SVS are more common to be implemented with INS or navigation systems; the reason is their low complexity in data interpretation, and they are fast systems. Thus, SVS have the property to determine the objects in the environment even without the involvement of a methodology; the user can simply get the image and correct the trajectory if the system is sending information in real time.

LSS, on the other hand, is more useful for mapping in navigation. The mapping possibility helps the system to recognize a familiar environment, avoid collisions, and improve the navigation. Two of the mentioned LSS own different methodologies to perform measurements during navigation were triangulation and time of flight.

LSS systems could require more time than SVS to perform their scanning and be able to recognize the objects or the structure in front of the body.

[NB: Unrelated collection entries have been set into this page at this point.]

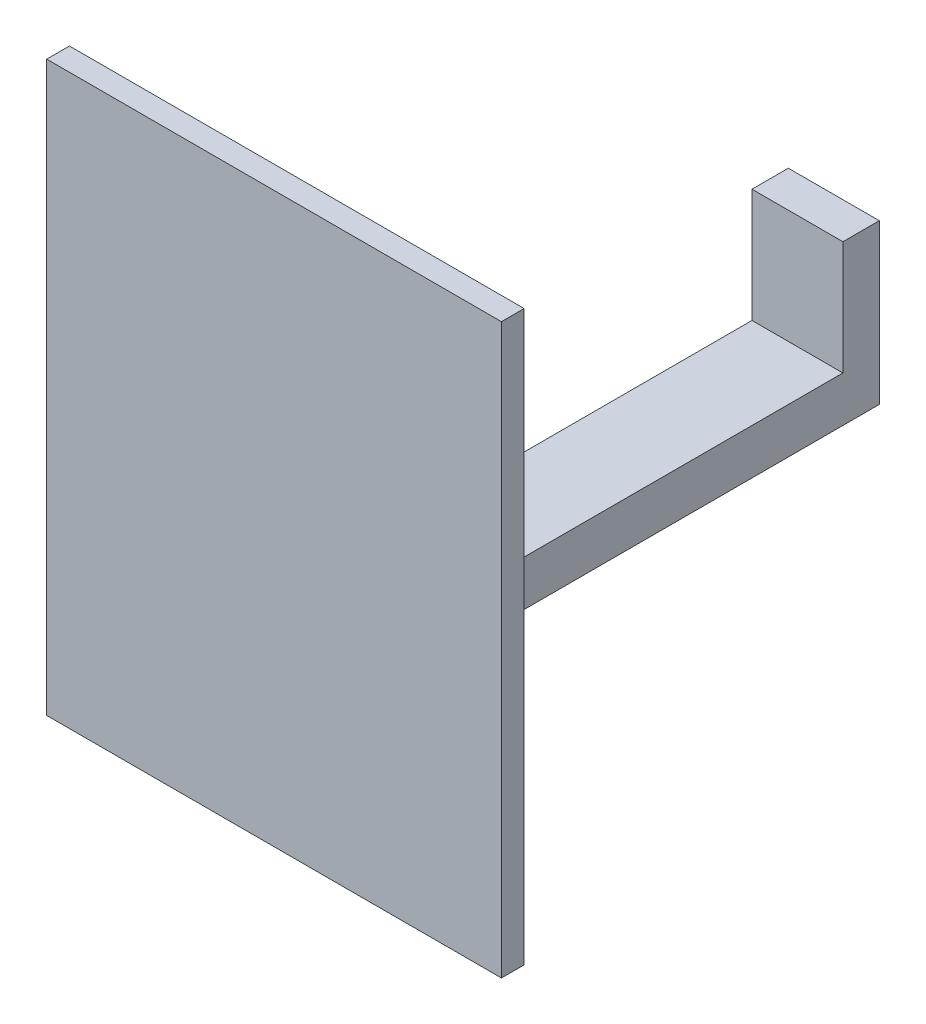
SolidWorks part; units mm, degrees
ref_plane "前视基准面" through (0, 0, 0) normal (0, 0, 1) x (1, 0, 0)
ref_plane "上视基准面" through (0, 0, 0) normal (0, 1, 0) x (1, 0, 0)
ref_plane "右视基准面" through (0, 0, 0) normal (1, 0, 0) x (0, 0, -1)
other "Configuration Table"
sketch "草图1" plane through (0, 0, 0) normal (0, 1, 0) x (1, 0, 0)
  line L1 (-20, 8) -> (20, 8)
  line L2 (-20, 8) -> (-20, -8)
  line L3 (-20, -8) -> (20, -8)
  line L4 (20, 8) -> (20, -8)
  line L5 (-20, 8) -> (20, -8) construction
  line L6 (-20, -8) -> (20, 8) construction
  point P0 (0, 0)
  dimension "D1" = 40
  dimension "D2" = 16
extrude "凸台-拉伸1" add sketch "草图1" along normal blind 70
sketch "草图2" plane through (0, 0, 8) normal (0, 0, 1) x (1, 0, 0)
  line L0 (-20, 70) -> (-20, 0) construction
  line L1 (-20, 20) -> (20, 20)
  line L2 (-20, 20) -> (-20, 0)
  line L3 (-20, 0) -> (20, 0)
  line L4 (20, 20) -> (20, 0)
  dimension "D1" = 40
  dimension "D2" = 20
extrude "凸台-拉伸2" add sketch "草图2" along normal blind 220 contours L2 L1 L4 L3
sketch "草图4" plane through (0, 0, 228) normal (0, 0, 1) x (1, 0, 0)
  line L1 (-100.193, 194.4453) -> (99.807, 194.4453)
  line L2 (-100.193, 194.4453) -> (-100.193, -55.5547)
  line L3 (-100.193, -55.5547) -> (99.807, -55.5547)
  line L4 (99.807, 194.4453) -> (99.807, -55.5547)
  line L5 (-100.193, 194.4453) -> (99.807, -55.5547) construction
  line L6 (-100.193, -55.5547) -> (99.807, 194.4453) construction
  point P0 (-0.193, 69.4453)
  dimension "D1" = 250
  dimension "D2" = 200
extrude "凸台-拉伸4" add sketch "草图4" along normal blind 10 contours L2 L1 L4 L3

But a properly scanned object can provide useful information and help the system to perform precise movements as required in medical surgeries.

For both systems, it is necessary to remember that the body could make movements that can distort the camera image and the laser reception, generating measurement errors and increments in the INS drift. The absolute references aid the IMU of the INS, but in other situations, the IMU is helping the vision systems in the navigation, as in the LIDAR case. During the integration of the vision system with INS, it is desirable to define which system is the one receiving feedback through the navigation process or if both systems are going to work parallel to each other.